Unter dem Titel „Rojava – Demokratie und Selbstverwaltung. Wie ist das möglich?“ findet in Mannheim am Freitag, 18. Mai 2018 eine Veranstaltung mit Berichten aus Rojava statt, die wir als Teil des Bündnisses „Nein zum Krieg – Solidarität mit Afrin!“ mitunterstützen. Beginn ist um 19 Uhr im Jugendraum des Gewerkschaftshauses (Hans-Böckler-Str. 3, Mannheim).

Seit Monaten führt das türkische Regime völkerrechtswidrig Krieg gegen die Kurd*innen in Nordsyrien.
Bei den Angriffen gegen Afrin und andere Gebiete kommen Panzer und anderes Mordwerkzeug aus deutscher Produktion zum Einsatz. Die Bundesregierung toleriert Töten, Flucht und Vertreibung, um das „Flüchtlingsabkommen“ mit der Türkei nicht zu gefährden.

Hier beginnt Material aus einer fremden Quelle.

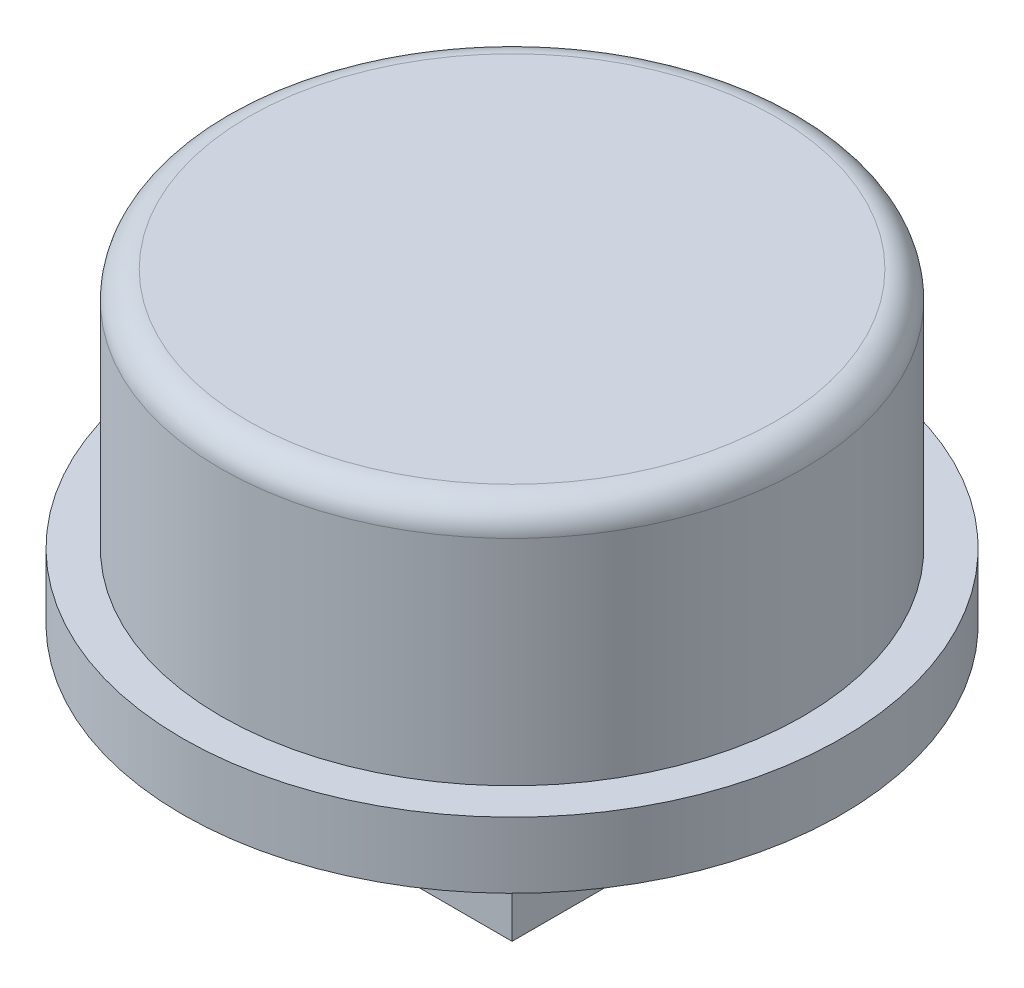
ISO-10303-21;
HEADER;
FILE_DESCRIPTION(('STEP AP214'),'2;1');
FILE_NAME('part.step','',(''),(''),'','','');
FILE_SCHEMA(('AUTOMOTIVE_DESIGN { 1 0 10303 214 1 1 1 1 }'));
ENDSEC;
DATA;
#1=APPLICATION_CONTEXT('core data for automotive mechanical design processes');
#2=APPLICATION_PROTOCOL_DEFINITION('international standard','automotive_design',2000,#1);
#3=PRODUCT_CONTEXT('',#1,'mechanical');
#4=PRODUCT('Part','Part','',(#3));
#5=PRODUCT_RELATED_PRODUCT_CATEGORY('part','',(#4));
#6=PRODUCT_DEFINITION_FORMATION('','',#4);
#7=PRODUCT_DEFINITION_CONTEXT('part definition',#1,'design');
#8=PRODUCT_DEFINITION('design','',#6,#7);
#9=PRODUCT_DEFINITION_SHAPE('','',#8);
#10=(LENGTH_UNIT() NAMED_UNIT(*) SI_UNIT(.MILLI.,.METRE.));
#11=(NAMED_UNIT(*) PLANE_ANGLE_UNIT() SI_UNIT($,.RADIAN.));
#12=(NAMED_UNIT(*) SI_UNIT($,.STERADIAN.) SOLID_ANGLE_UNIT());
#13=UNCERTAINTY_MEASURE_WITH_UNIT(LENGTH_MEASURE(1.E-05),#10,'distance_accuracy_value','');
#14=(GEOMETRIC_REPRESENTATION_CONTEXT(3) GLOBAL_UNCERTAINTY_ASSIGNED_CONTEXT((#13)) GLOBAL_UNIT_ASSIGNED_CONTEXT((#10,
#11,#12)) REPRESENTATION_CONTEXT('',''));
#15=CARTESIAN_POINT('',(0.,0.,0.));
#16=DIRECTION('',(0.,0.,1.));
#17=DIRECTION('',(1.,0.,0.));
#18=AXIS2_PLACEMENT_3D('',#15,#16,#17);
#19=CARTESIAN_POINT('',(0.,0.,0.));
#20=DIRECTION('',(0.,1.,0.));
#21=DIRECTION('',(0.,0.,1.));
#22=AXIS2_PLACEMENT_3D('',#19,#20,#21);
#23=PLANE('',#22);
#24=CARTESIAN_POINT('',(0.,0.,0.));
#25=DIRECTION('',(0.,1.,0.));
#26=DIRECTION('',(0.,0.,1.));
#27=AXIS2_PLACEMENT_3D('',#24,#25,#26);
#28=CIRCLE('',#27,6.);
#29=CARTESIAN_POINT('',(0.,0.,6.));
#30=VERTEX_POINT('',#29);
#31=EDGE_CURVE('E209',#30,#30,#28,.T.);
#32=ORIENTED_EDGE('',*,*,#31,.F.);
#33=EDGE_LOOP('',(#32));
#34=FACE_BOUND('',#33,.T.);
#35=DIRECTION('',(0.,0.,1.));
#36=VECTOR('',#35,1.);
#37=CARTESIAN_POINT('',(2.5,0.,-2.5));
#38=LINE('',#37,#36);
#39=CARTESIAN_POINT('',(2.5,0.,-2.5));
#40=VERTEX_POINT('',#39);
#41=CARTESIAN_POINT('',(2.5,0.,2.5));
#42=VERTEX_POINT('',#41);
#43=EDGE_CURVE('E128',#40,#42,#38,.T.);
#44=ORIENTED_EDGE('',*,*,#43,.F.);
#45=DIRECTION('',(1.,0.,0.));
#46=VECTOR('',#45,1.);
#47=CARTESIAN_POINT('',(-2.5,0.,-2.5));
#48=LINE('',#47,#46);
#49=CARTESIAN_POINT('',(-2.5,0.,-2.5));
#50=VERTEX_POINT('',#49);
#51=EDGE_CURVE('E167',#50,#40,#48,.T.);
#52=ORIENTED_EDGE('',*,*,#51,.F.);
#53=DIRECTION('',(0.,0.,-1.));
#54=VECTOR('',#53,1.);
#55=CARTESIAN_POINT('',(-2.5,0.,-2.5));
#56=LINE('',#55,#54);
#57=CARTESIAN_POINT('',(-2.5,0.,2.5));
#58=VERTEX_POINT('',#57);
#59=EDGE_CURVE('E64',#58,#50,#56,.T.);
#60=ORIENTED_EDGE('',*,*,#59,.F.);
#61=DIRECTION('',(-1.,0.,0.));
#62=VECTOR('',#61,1.);
#63=CARTESIAN_POINT('',(-2.5,0.,2.5));
#64=LINE('',#63,#62);
#65=EDGE_CURVE('E59',#42,#58,#64,.T.);
#66=ORIENTED_EDGE('',*,*,#65,.F.);
#67=EDGE_LOOP('',(#44,#52,#60,#66));
#68=FACE_BOUND('',#67,.T.);
#69=ADVANCED_FACE('F43',(#34,#68),#23,.F.);
#70=CARTESIAN_POINT('',(0.,5.6,0.));
#71=DIRECTION('',(0.,-1.,0.));
#72=DIRECTION('',(0.,0.,-1.));
#73=AXIS2_PLACEMENT_3D('',#70,#71,#72);
#74=CYLINDRICAL_SURFACE('',#73,6.);
#75=ORIENTED_EDGE('',*,*,#31,.T.);
#76=EDGE_LOOP('',(#75));
#77=FACE_BOUND('',#76,.T.);
#78=CARTESIAN_POINT('',(0.,1.2,0.));
#79=DIRECTION('',(0.,1.,0.));
#80=DIRECTION('',(0.,0.,1.));
#81=AXIS2_PLACEMENT_3D('',#78,#79,#80);
#82=CIRCLE('',#81,6.);
#83=CARTESIAN_POINT('',(0.,1.2,6.));
#84=VERTEX_POINT('',#83);
#85=EDGE_CURVE('E205',#84,#84,#82,.T.);
#86=ORIENTED_EDGE('',*,*,#85,.F.);
#87=EDGE_LOOP('',(#86));
#88=FACE_BOUND('',#87,.T.);
#89=ADVANCED_FACE('F231',(#77,#88),#74,.T.);
#90=CARTESIAN_POINT('',(0.,1.2,0.));
#91=DIRECTION('',(0.,1.,0.));
#92=DIRECTION('',(0.,0.,1.));
#93=AXIS2_PLACEMENT_3D('',#90,#91,#92);
#94=PLANE('',#93);
#95=CARTESIAN_POINT('',(0.,1.2,0.));
#96=DIRECTION('',(0.,1.,0.));
#97=DIRECTION('',(0.,0.,1.));
#98=AXIS2_PLACEMENT_3D('',#95,#96,#97);
#99=CIRCLE('',#98,5.3);
#100=CARTESIAN_POINT('',(0.,1.2,5.3));
#101=VERTEX_POINT('',#100);
#102=EDGE_CURVE('E201',#101,#101,#99,.T.);
#103=ORIENTED_EDGE('',*,*,#102,.F.);
#104=EDGE_LOOP('',(#103));
#105=FACE_BOUND('',#104,.T.);
#106=ORIENTED_EDGE('',*,*,#85,.T.);
#107=EDGE_LOOP('',(#106));
#108=FACE_BOUND('',#107,.T.);
#109=ADVANCED_FACE('F238',(#105,#108),#94,.T.);
#110=CARTESIAN_POINT('',(0.,1.2,0.));
#111=DIRECTION('',(0.,1.,0.));
#112=DIRECTION('',(0.,0.,1.));
#113=AXIS2_PLACEMENT_3D('',#110,#111,#112);
#114=CYLINDRICAL_SURFACE('',#113,5.3);
#115=CARTESIAN_POINT('',(0.,5.1,0.));
#116=DIRECTION('',(0.,1.,0.));
#117=DIRECTION('',(0.,0.,1.));
#118=AXIS2_PLACEMENT_3D('',#115,#116,#117);
#119=CIRCLE('',#118,5.3);
#120=CARTESIAN_POINT('',(0.,5.1,5.3));
#121=VERTEX_POINT('',#120);
#122=EDGE_CURVE('E11',#121,#121,#119,.F.);
#123=ORIENTED_EDGE('',*,*,#122,.T.);
#124=EDGE_LOOP('',(#123));
#125=FACE_BOUND('',#124,.T.);
#126=ORIENTED_EDGE('',*,*,#102,.T.);
#127=EDGE_LOOP('',(#126));
#128=FACE_BOUND('',#127,.T.);
#129=ADVANCED_FACE('F227',(#125,#128),#114,.T.);
#130=CARTESIAN_POINT('',(0.,5.6,0.));
#131=DIRECTION('',(0.,1.,0.));
#132=DIRECTION('',(0.,0.,1.));
#133=AXIS2_PLACEMENT_3D('',#130,#131,#132);
#134=PLANE('',#133);
#135=CARTESIAN_POINT('',(0.,5.6,0.));
#136=DIRECTION('',(0.,1.,0.));
#137=DIRECTION('',(0.,0.,1.));
#138=AXIS2_PLACEMENT_3D('',#135,#136,#137);
#139=CIRCLE('',#138,4.8);
#140=CARTESIAN_POINT('',(0.,5.6,4.8));
#141=VERTEX_POINT('',#140);
#142=EDGE_CURVE('E52',#141,#141,#139,.T.);
#143=ORIENTED_EDGE('',*,*,#142,.T.);
#144=EDGE_LOOP('',(#143));
#145=FACE_BOUND('',#144,.T.);
#146=ADVANCED_FACE('F216',(#145),#134,.T.);
#147=CARTESIAN_POINT('',(0.,5.1,0.));
#148=DIRECTION('',(0.,1.,0.));
#149=DIRECTION('',(0.,0.,1.));
#150=AXIS2_PLACEMENT_3D('',#147,#148,#149);
#151=TOROIDAL_SURFACE('',#150,4.8,0.5);
#152=ORIENTED_EDGE('',*,*,#122,.F.);
#153=EDGE_LOOP('',(#152));
#154=FACE_BOUND('',#153,.T.);
#155=ORIENTED_EDGE('',*,*,#142,.F.);
#156=EDGE_LOOP('',(#155));
#157=FACE_BOUND('',#156,.T.);
#158=ADVANCED_FACE('F45',(#154,#157),#151,.T.);
#159=CARTESIAN_POINT('',(0.,-2.5,0.));
#160=DIRECTION('',(0.,1.,0.));
#161=DIRECTION('',(0.,0.,1.));
#162=AXIS2_PLACEMENT_3D('',#159,#160,#161);
#163=PLANE('',#162);
#164=DIRECTION('',(0.,0.,1.));
#165=VECTOR('',#164,1.);
#166=CARTESIAN_POINT('',(2.5,-2.5,-2.5));
#167=LINE('',#166,#165);
#168=CARTESIAN_POINT('',(2.5,-2.5,-2.5));
#169=VERTEX_POINT('',#168);
#170=CARTESIAN_POINT('',(2.5,-2.5,2.5));
#171=VERTEX_POINT('',#170);
#172=EDGE_CURVE('E162',#169,#171,#167,.T.);
#173=ORIENTED_EDGE('',*,*,#172,.T.);
#174=DIRECTION('',(-1.,0.,0.));
#175=VECTOR('',#174,1.);
#176=CARTESIAN_POINT('',(-2.5,-2.5,2.5));
#177=LINE('',#176,#175);
#178=CARTESIAN_POINT('',(-2.5,-2.5,2.5));
#179=VERTEX_POINT('',#178);
#180=EDGE_CURVE('E166',#171,#179,#177,.T.);
#181=ORIENTED_EDGE('',*,*,#180,.T.);
#182=DIRECTION('',(0.,0.,-1.));
#183=VECTOR('',#182,1.);
#184=CARTESIAN_POINT('',(-2.5,-2.5,-2.5));
#185=LINE('',#184,#183);
#186=CARTESIAN_POINT('',(-2.5,-2.5,-2.5));
#187=VERTEX_POINT('',#186);
#188=EDGE_CURVE('E170',#179,#187,#185,.T.);
#189=ORIENTED_EDGE('',*,*,#188,.T.);
#190=DIRECTION('',(1.,0.,0.));
#191=VECTOR('',#190,1.);
#192=CARTESIAN_POINT('',(-2.5,-2.5,-2.5));
#193=LINE('',#192,#191);
#194=EDGE_CURVE('E173',#187,#169,#193,.T.);
#195=ORIENTED_EDGE('',*,*,#194,.T.);
#196=EDGE_LOOP('',(#173,#181,#189,#195));
#197=FACE_BOUND('',#196,.T.);
#198=DIRECTION('',(0.,0.,1.));
#199=VECTOR('',#198,1.);
#200=CARTESIAN_POINT('',(2.,-2.5,-2.));
#201=LINE('',#200,#199);
#202=CARTESIAN_POINT('',(2.,-2.5,-2.));
#203=VERTEX_POINT('',#202);
#204=CARTESIAN_POINT('',(2.,-2.5,2.));
#205=VERTEX_POINT('',#204);
#206=EDGE_CURVE('E108',#203,#205,#201,.T.);
#207=ORIENTED_EDGE('',*,*,#206,.F.);
#208=DIRECTION('',(1.,0.,0.));
#209=VECTOR('',#208,1.);
#210=CARTESIAN_POINT('',(-2.,-2.5,-2.));
#211=LINE('',#210,#209);
#212=CARTESIAN_POINT('',(-2.,-2.5,-2.));
#213=VERTEX_POINT('',#212);
#214=EDGE_CURVE('E138',#213,#203,#211,.T.);
#215=ORIENTED_EDGE('',*,*,#214,.F.);
#216=DIRECTION('',(0.,0.,-1.));
#217=VECTOR('',#216,1.);
#218=CARTESIAN_POINT('',(-2.,-2.5,-2.));
#219=LINE('',#218,#217);
#220=CARTESIAN_POINT('',(-2.,-2.5,2.));
#221=VERTEX_POINT('',#220);
#222=EDGE_CURVE('E134',#221,#213,#219,.T.);
#223=ORIENTED_EDGE('',*,*,#222,.F.);
#224=DIRECTION('',(-1.,0.,0.));
#225=VECTOR('',#224,1.);
#226=CARTESIAN_POINT('',(-2.,-2.5,2.));
#227=LINE('',#226,#225);
#228=EDGE_CURVE('E119',#205,#221,#227,.T.);
#229=ORIENTED_EDGE('',*,*,#228,.F.);
#230=EDGE_LOOP('',(#207,#215,#223,#229));
#231=FACE_BOUND('',#230,.T.);
#232=ADVANCED_FACE('F132',(#197,#231),#163,.F.);
#233=CARTESIAN_POINT('',(2.5,-2.5,-2.5));
#234=DIRECTION('',(-1.,0.,0.));
#235=DIRECTION('',(0.,0.,1.));
#236=AXIS2_PLACEMENT_3D('',#233,#234,#235);
#237=PLANE('',#236);
#238=ORIENTED_EDGE('',*,*,#43,.T.);
#239=DIRECTION('',(0.,1.,0.));
#240=VECTOR('',#239,1.);
#241=CARTESIAN_POINT('',(2.5,-2.5,2.5));
#242=LINE('',#241,#240);
#243=EDGE_CURVE('E198',#171,#42,#242,.T.);
#244=ORIENTED_EDGE('',*,*,#243,.F.);
#245=ORIENTED_EDGE('',*,*,#172,.F.);
#246=DIRECTION('',(0.,1.,0.));
#247=VECTOR('',#246,1.);
#248=CARTESIAN_POINT('',(2.5,-2.5,-2.5));
#249=LINE('',#248,#247);
#250=EDGE_CURVE('E176',#169,#40,#249,.T.);
#251=ORIENTED_EDGE('',*,*,#250,.T.);
#252=EDGE_LOOP('',(#238,#244,#245,#251));
#253=FACE_BOUND('',#252,.T.);
#254=ADVANCED_FACE('F224',(#253),#237,.F.);
#255=CARTESIAN_POINT('',(-2.5,-2.5,2.5));
#256=DIRECTION('',(0.,0.,-1.));
#257=DIRECTION('',(-1.,0.,0.));
#258=AXIS2_PLACEMENT_3D('',#255,#256,#257);
#259=PLANE('',#258);
#260=ORIENTED_EDGE('',*,*,#65,.T.);
#261=DIRECTION('',(0.,1.,0.));
#262=VECTOR('',#261,1.);
#263=CARTESIAN_POINT('',(-2.5,-2.5,2.5));
#264=LINE('',#263,#262);
#265=EDGE_CURVE('E194',#179,#58,#264,.T.);
#266=ORIENTED_EDGE('',*,*,#265,.F.);
#267=ORIENTED_EDGE('',*,*,#180,.F.);
#268=ORIENTED_EDGE('',*,*,#243,.T.);
#269=EDGE_LOOP('',(#260,#266,#267,#268));
#270=FACE_BOUND('',#269,.T.);
#271=ADVANCED_FACE('F269',(#270),#259,.F.);
#272=CARTESIAN_POINT('',(-2.5,-2.5,-2.5));
#273=DIRECTION('',(1.,0.,0.));
#274=DIRECTION('',(0.,0.,-1.));
#275=AXIS2_PLACEMENT_3D('',#272,#273,#274);
#276=PLANE('',#275);
#277=ORIENTED_EDGE('',*,*,#59,.T.);
#278=DIRECTION('',(0.,1.,0.));
#279=VECTOR('',#278,1.);
#280=CARTESIAN_POINT('',(-2.5,-2.5,-2.5));
#281=LINE('',#280,#279);
#282=EDGE_CURVE('E190',#187,#50,#281,.T.);
#283=ORIENTED_EDGE('',*,*,#282,.F.);
#284=ORIENTED_EDGE('',*,*,#188,.F.);
#285=ORIENTED_EDGE('',*,*,#265,.T.);
#286=EDGE_LOOP('',(#277,#283,#284,#285));
#287=FACE_BOUND('',#286,.T.);
#288=ADVANCED_FACE('F265',(#287),#276,.F.);
#289=CARTESIAN_POINT('',(-2.5,-2.5,-2.5));
#290=DIRECTION('',(0.,0.,1.));
#291=DIRECTION('',(1.,0.,0.));
#292=AXIS2_PLACEMENT_3D('',#289,#290,#291);
#293=PLANE('',#292);
#294=ORIENTED_EDGE('',*,*,#51,.T.);
#295=ORIENTED_EDGE('',*,*,#250,.F.);
#296=ORIENTED_EDGE('',*,*,#194,.F.);
#297=ORIENTED_EDGE('',*,*,#282,.T.);
#298=EDGE_LOOP('',(#294,#295,#296,#297));
#299=FACE_BOUND('',#298,.T.);
#300=ADVANCED_FACE('F261',(#299),#293,.F.);
#301=CARTESIAN_POINT('',(2.,-2.5,-2.));
#302=DIRECTION('',(-1.,0.,0.));
#303=DIRECTION('',(0.,0.,1.));
#304=AXIS2_PLACEMENT_3D('',#301,#302,#303);
#305=PLANE('',#304);
#306=DIRECTION('',(0.,0.,1.));
#307=VECTOR('',#306,1.);
#308=CARTESIAN_POINT('',(2.,0.,-2.));
#309=LINE('',#308,#307);
#310=CARTESIAN_POINT('',(2.,0.,-2.));
#311=VERTEX_POINT('',#310);
#312=CARTESIAN_POINT('',(2.,0.,2.));
#313=VERTEX_POINT('',#312);
#314=EDGE_CURVE('E143',#311,#313,#309,.T.);
#315=ORIENTED_EDGE('',*,*,#314,.F.);
#316=DIRECTION('',(0.,1.,0.));
#317=VECTOR('',#316,1.);
#318=CARTESIAN_POINT('',(2.,-2.5,-2.));
#319=LINE('',#318,#317);
#320=EDGE_CURVE('E114',#203,#311,#319,.T.);
#321=ORIENTED_EDGE('',*,*,#320,.F.);
#322=ORIENTED_EDGE('',*,*,#206,.T.);
#323=DIRECTION('',(0.,1.,0.));
#324=VECTOR('',#323,1.);
#325=CARTESIAN_POINT('',(2.,-2.5,2.));
#326=LINE('',#325,#324);
#327=EDGE_CURVE('E112',#205,#313,#326,.T.);
#328=ORIENTED_EDGE('',*,*,#327,.T.);
#329=EDGE_LOOP('',(#315,#321,#322,#328));
#330=FACE_BOUND('',#329,.T.);
#331=ADVANCED_FACE('F111',(#330),#305,.T.);
#332=CARTESIAN_POINT('',(-2.,-2.5,2.));
#333=DIRECTION('',(0.,0.,-1.));
#334=DIRECTION('',(-1.,0.,0.));
#335=AXIS2_PLACEMENT_3D('',#332,#333,#334);
#336=PLANE('',#335);
#337=DIRECTION('',(-1.,0.,0.));
#338=VECTOR('',#337,1.);
#339=CARTESIAN_POINT('',(-2.,0.,2.));
#340=LINE('',#339,#338);
#341=CARTESIAN_POINT('',(-2.,0.,2.));
#342=VERTEX_POINT('',#341);
#343=EDGE_CURVE('E126',#313,#342,#340,.T.);
#344=ORIENTED_EDGE('',*,*,#343,.F.);
#345=ORIENTED_EDGE('',*,*,#327,.F.);
#346=ORIENTED_EDGE('',*,*,#228,.T.);
#347=DIRECTION('',(0.,1.,0.));
#348=VECTOR('',#347,1.);
#349=CARTESIAN_POINT('',(-2.,-2.5,2.));
#350=LINE('',#349,#348);
#351=EDGE_CURVE('E129',#221,#342,#350,.T.);
#352=ORIENTED_EDGE('',*,*,#351,.T.);
#353=EDGE_LOOP('',(#344,#345,#346,#352));
#354=FACE_BOUND('',#353,.T.);
#355=ADVANCED_FACE('F123',(#354),#336,.T.);
#356=CARTESIAN_POINT('',(-2.,-2.5,-2.));
#357=DIRECTION('',(1.,0.,0.));
#358=DIRECTION('',(0.,0.,-1.));
#359=AXIS2_PLACEMENT_3D('',#356,#357,#358);
#360=PLANE('',#359);
#361=DIRECTION('',(0.,0.,-1.));
#362=VECTOR('',#361,1.);
#363=CARTESIAN_POINT('',(-2.,0.,-2.));
#364=LINE('',#363,#362);
#365=CARTESIAN_POINT('',(-2.,0.,-2.));
#366=VERTEX_POINT('',#365);
#367=EDGE_CURVE('E148',#342,#366,#364,.T.);
#368=ORIENTED_EDGE('',*,*,#367,.F.);
#369=ORIENTED_EDGE('',*,*,#351,.F.);
#370=ORIENTED_EDGE('',*,*,#222,.T.);
#371=DIRECTION('',(0.,1.,0.));
#372=VECTOR('',#371,1.);
#373=CARTESIAN_POINT('',(-2.,-2.5,-2.));
#374=LINE('',#373,#372);
#375=EDGE_CURVE('E157',#213,#366,#374,.T.);
#376=ORIENTED_EDGE('',*,*,#375,.T.);
#377=EDGE_LOOP('',(#368,#369,#370,#376));
#378=FACE_BOUND('',#377,.T.);
#379=ADVANCED_FACE('F247',(#378),#360,.T.);
#380=CARTESIAN_POINT('',(-2.,-2.5,-2.));
#381=DIRECTION('',(0.,0.,1.));
#382=DIRECTION('',(1.,0.,0.));
#383=AXIS2_PLACEMENT_3D('',#380,#381,#382);
#384=PLANE('',#383);
#385=DIRECTION('',(1.,0.,0.));
#386=VECTOR('',#385,1.);
#387=CARTESIAN_POINT('',(-2.,0.,-2.));
#388=LINE('',#387,#386);
#389=EDGE_CURVE('E120',#366,#311,#388,.T.);
#390=ORIENTED_EDGE('',*,*,#389,.F.);
#391=ORIENTED_EDGE('',*,*,#375,.F.);
#392=ORIENTED_EDGE('',*,*,#214,.T.);
#393=ORIENTED_EDGE('',*,*,#320,.T.);
#394=EDGE_LOOP('',(#390,#391,#392,#393));
#395=FACE_BOUND('',#394,.T.);
#396=ADVANCED_FACE('F242',(#395),#384,.T.);
#397=ORIENTED_EDGE('',*,*,#389,.T.);
#398=ORIENTED_EDGE('',*,*,#314,.T.);
#399=ORIENTED_EDGE('',*,*,#343,.T.);
#400=ORIENTED_EDGE('',*,*,#367,.T.);
#401=EDGE_LOOP('',(#397,#398,#399,#400));
#402=FACE_BOUND('',#401,.T.);
#403=ADVANCED_FACE('F234',(#402),#23,.F.);
#404=CLOSED_SHELL('',(#69,#89,#109,#129,#146,#158,#232,#254,#271,#288,#300,#331,#355,#379,#396,#403));
#405=MANIFOLD_SOLID_BREP('B2',#404);
#406=ADVANCED_BREP_SHAPE_REPRESENTATION('',(#18,#405),#14);
#407=SHAPE_DEFINITION_REPRESENTATION(#9,#406);
ENDSEC;
END-ISO-10303-21;

Ziel der Eroberung weiterer Gebiete ist die Unterdrückung der kurdischen Freiheitsbewegung. Damit sind alle anderen Kriegsparteien in Syrien prinzipiell einverstanden.
Vor allem soll durch dieses Vorgehen das fortschrittlichste Projekt der Region – Rojava – zerstört werden. Das Erdogan-Regime will den Aufbau eines demokratischen Konföderalismus blutig beenden. Rund 4,5 Millionen Kurd*innen, Araber*innen, Turkmen*innen und Assyrer*innen leben hier in einer selbstverwalteten Gesellschaft.
Ihre Prinzipien sind Demokratie, Gleichberechtigung und Emanzipation der Frauen sowie Religionsfreiheit. Das ist ein grundlegender Gegensatz zu dem menschenverachtenden Treiben etwa des Daesh („IS“) oder anderer dschihadistischer Banden.
Unsere Referentin hat in den letzten vier Jahren in Rojava gelebt. Sie wird über die aktuelle Lage und den Widerstand in Afrin zu berichten. Außerdem wird sie uns konkrete Eindrücke von den Menschen, der Region und den Kriegsgeschehnissen vermitteln.